Michał "Sztanga" Fijałka trenuje przed KSW 40. Olimpia Dudek
Zawodnik Berserker’s Team, Michał Fijałka, opowiada o swoich przygotowaniach do gali KSW 40.

Michał Fijałka to jeden z weteranów polskiej sceny sztuk walki. Zaczynał 10 lat temu podczas gali w Tychach, gdzie wygrał przez techniczny nokaut z Jackiem Czajczyńskim. Rok później został zwycięzcą turnieju wagi półciężkiej podczas KSW Eliminacje II. Nie zakotwiczył jednak w tej federacji na stałe. Walczył także dla Bote, MMA Atack. Pokazywał się również miejscowej publiczności podczas gali Iron Fist czy Areny Berserkerów.

Fijałka wraca do KSW na galę nr 40, która odbędzie się w Dublinie - 22 października.

- To władze KSW odezwały się do mnie, wyraziłem gotowość. Później już tylko czekaliśmy na decyzję przeciwnika - opowiada o swoim powrocie do KSW Fijałka. - Od mojej ostatniej walki nie minęło zbyt długo, ale wcześniej miałem sporą przerwę. Całkowicie zmieniłem system przygotowań do pojedynku. Oczywiście wcześniej konsultowałem tę decyzję z moimi trenerami od przygotowania kondycyjnego oraz oczywiście z głównym szkoleniowcem - Piotrem Bagińskim.

Początkowo Fijałka miał stoczyć w Dublinie rewanżowe starcie z Marcinem Wójcikiem, ale ostatecznie do niego nie dojdzie. Popularny „Sztanga” w Dublinie powalczy z Irlandczykiem, Chrisem Fieldsem. Obaj mają po 34 lata.
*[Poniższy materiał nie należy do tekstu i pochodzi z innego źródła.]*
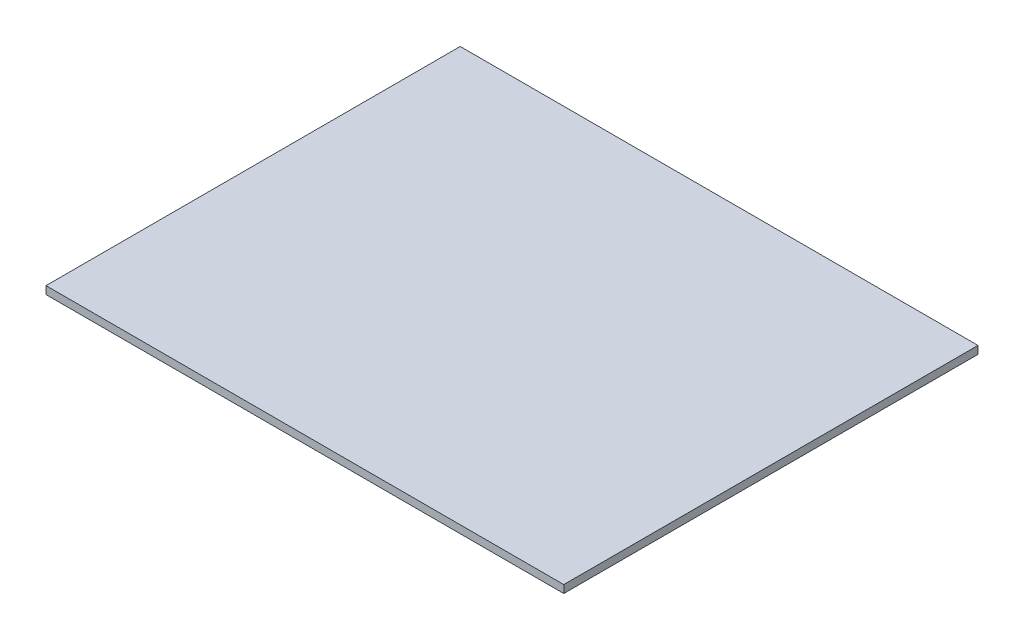
SolidWorks part; units mm, degrees
ref_plane "Front Plane" through (0, 0, 0) normal (0, 0, 1) x (1, 0, 0)
ref_plane "Top Plane" through (0, 0, 0) normal (0, 1, 0) x (1, 0, 0)
ref_plane "Right Plane" through (0, 0, 0) normal (1, 0, 0) x (0, 0, -1)
sketch "Sketch1" plane through (0, 0, 0) normal (0, 1, 0) x (1, 0, 0)
  line L1 (0, 0) -> (317.5, 0)
  line L2 (0, 0) -> (0, -254)
  line L3 (0, -254) -> (317.5, -254)
  line L4 (317.5, 0) -> (317.5, -254)
  dimension "D1" = 254
  dimension "D2" = 317.5
extrude "Boss-Extrude1" add sketch "Sketch1" along normal blind 4.7625 contours L1 L4 L3 L2
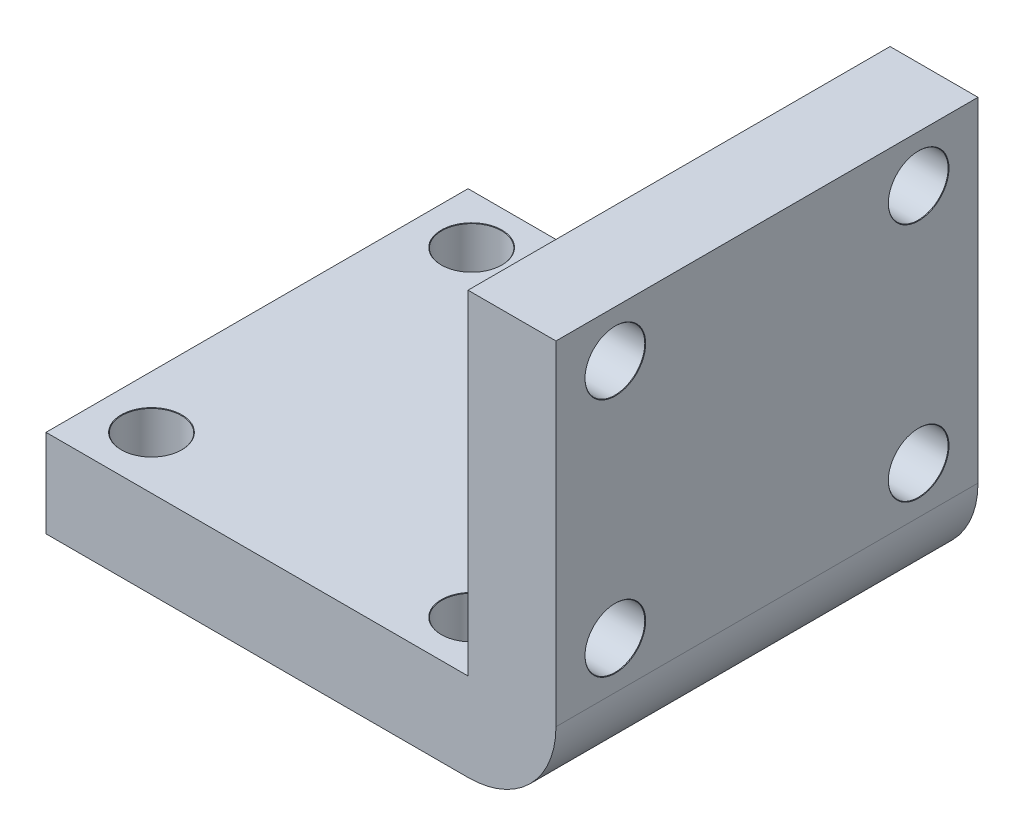
SolidWorks part; units mm, degrees
ref_plane "Front Plane" through (0, 0, 0) normal (0, 0, 1) x (1, 0, 0)
ref_plane "Top Plane" through (0, 0, 0) normal (0, 1, 0) x (1, 0, 0)
ref_plane "Right Plane" through (0, 0, 0) normal (1, 0, 0) x (0, 0, -1)
sketch "Sketch1" plane through (0, 0, 0) normal (0, 1, 0) x (1, 0, 0)
  line L1 (12, -12) -> (-12, -12)
  line L2 (12, -12) -> (12, 12)
  line L3 (12, 12) -> (-12, 12)
  line L4 (-12, -12) -> (-12, 12)
  line L5 (12, -12) -> (-12, 12) construction
  line L6 (12, 12) -> (-12, -12) construction
  point P0 (0, 0)
  dimension "D1" = 24
  dimension "D2" = 24
extrude "Boss-Extrude1" add sketch "Sketch1" along normal blind 5
sketch "Sketch2" plane through (0, 0, 0) normal (1, 0, 0) x (0, 0, -1)
  line L0 (-12, 0) -> (12, 0) construction
  line L1 (12, 0) -> (-12, 0)
  line L2 (12, 0) -> (12, 24)
  line L3 (12, 24) -> (-12, 24)
  line L4 (-12, 0) -> (-12, 24)
  line L5 (12, 0) -> (-12, 24) construction
  line L6 (12, 24) -> (-12, 0) construction
  point P0 (0, 12)
  dimension "D1" = 24
  dimension "D2" = 24
extrude "Boss-Extrude2" add sketch "Sketch2" along normal blind 5 from surface at 12 starting at face at (12, 2.5, 0)
fillet "Fillet3" radius 5 1 edges at (17, 0, 0)
sketch "Sketch4" plane through (17, 0, 0) normal (1, 0, 0) x (0, 0, -1)
  line L6 (12, 24) -> (-12, 5) construction
  line L10 (-12, 24) -> (12, 5) construction
  circle A0 centre (0, 14.5) radius 5
  point P0 (-8.6245, 21.3277)
  point P73 (8.6245, 21.3277)
  point P75 (8.6245, 7.6723)
  point P77 (-8.6245, 7.6723)
  dimension "D1" = 10
  dimension "D2" = 11
hole_wizard "M3 Clearance Hole1" positions "Sketch4" profile "Sketch5" hole size "M3" standard "ISO" end condition through all
sketch "Sketch5" plane through (17, 21.3277, 8.6245) normal (0, 1, 0) x (0, 0, -1)
  line L0 (0, 0) -> (0, 29)
  line L1 (0, 29) -> (1.7, 29)
  line L2 (1.7, 29) -> (1.7, 0.025)
  line L3 (1.7, 0.025) -> (1.725, 0)
  line L5 (1.725, 0) -> (0, 0)
  line L6 (-1.7, 0.025) -> (-1.725, 0) construction
  line L11 (0, -6.35) -> (0, 107.95) construction
  dimension "Thru Hole Dia." = 3.4
  dimension "Thru Hole Depth" = 29
  dimension "Near C'Sink Dia." = 3.45
  dimension "Near C'Sink Angle" = 90
sketch "Sketch8" plane through (0, 5, 0) normal (0, 1, 0) x (1, 0, 0)
  circle A0 centre (0, 0) radius 7.5 construction
  dimension "D1" = 15
hole_wizard "M3 Clearance Hole2" positions "Sketch6" profile "Sketch7" hole size "M3" standard "ISO" end condition through all
sketch "Sketch6" plane through (0, 5, 0) normal (0, 1, 0) x (1, 0, 0)
  line L0 (0, 0) -> (0, -12) construction
  line L2 (-12, -12) -> (12, -12) construction
  line L3 (0, 0) -> (-12, 0) construction
  line L4 (-12, 12) -> (-12, -12) construction
  line L7 (12, 12) -> (-12, -12) construction
  point P0 (-9, -9)
  point P35 (-9, 9.2037)
  point P37 (9.2037, 9.2037)
  point P39 (9.2037, -9)
  dimension "D1" = 9
sketch "Sketch7" plane through (-9, 5, 9) normal (1, 0, 0) x (0, 0, 1)
  line L0 (0, 0) -> (0, 5)
  line L1 (0, 5) -> (1.7, 5)
  line L2 (1.7, 5) -> (1.7, 0.025)
  line L3 (1.7, 0.025) -> (1.725, 0)
  line L5 (1.725, 0) -> (0, 0)
  line L6 (-1.7, 0.025) -> (-1.725, 0) construction
  line L11 (0, -6.35) -> (0, 107.95) construction
  dimension "Thru Hole Dia." = 3.4
  dimension "Thru Hole Depth" = 5
  dimension "Near C'Sink Dia." = 3.45
  dimension "Near C'Sink Angle" = 90

- Na zaległe sprawy przyjdzie jeszcze czas, a ja i tak wolę bić się zagranicznymi zawodnikami - przyznaje reprezentant Berserker’s Team Szczecin. - Teraz powalczę z zawodnikiem gospodarzy. Ale nie boję się dopingu miejscowej publiki. Byłem na KSW w Londynie z chłopakami z klubu i takiego dopingu, jaki dała miejscowa polonia, nie słyszałem na żadnej gali KSW. Powinno więc być dobrze w Dublinie. Nie jedzie z nami duża ekipa, ale moich ludzi będzie z nami trochę, więc o doping się nie boję.

Oprócz Fijałki podczas KSW 40 w Dublinie wystąpią jego klubowi koledzy - Michał Materla oraz Maciej Jewtuszko. Obaj wracają do klatki KSW po różnych perypetiach: ten pierwszy prawnych, ten drugi zdrowotnych.

- Niemal od zawsze sparujemy razem z chłopakami, więc tu pod tym względem nic się nie zmieniło. Tłuczemy się pomiędzy sobą i pomagamy sobie wzajemnie - dodaje Fijałka. - Jeżeli chodzi o wszelkie pytania o plan na walkę, to są one bez sensu. Plan zawsze jakiś jest, ale często po jednym ciosie trzeba go zmieniać. Nastawiam się zawsze na 15 minut, nigdy nie zakładam, że trzasnę kogoś w pierwszej rundzie.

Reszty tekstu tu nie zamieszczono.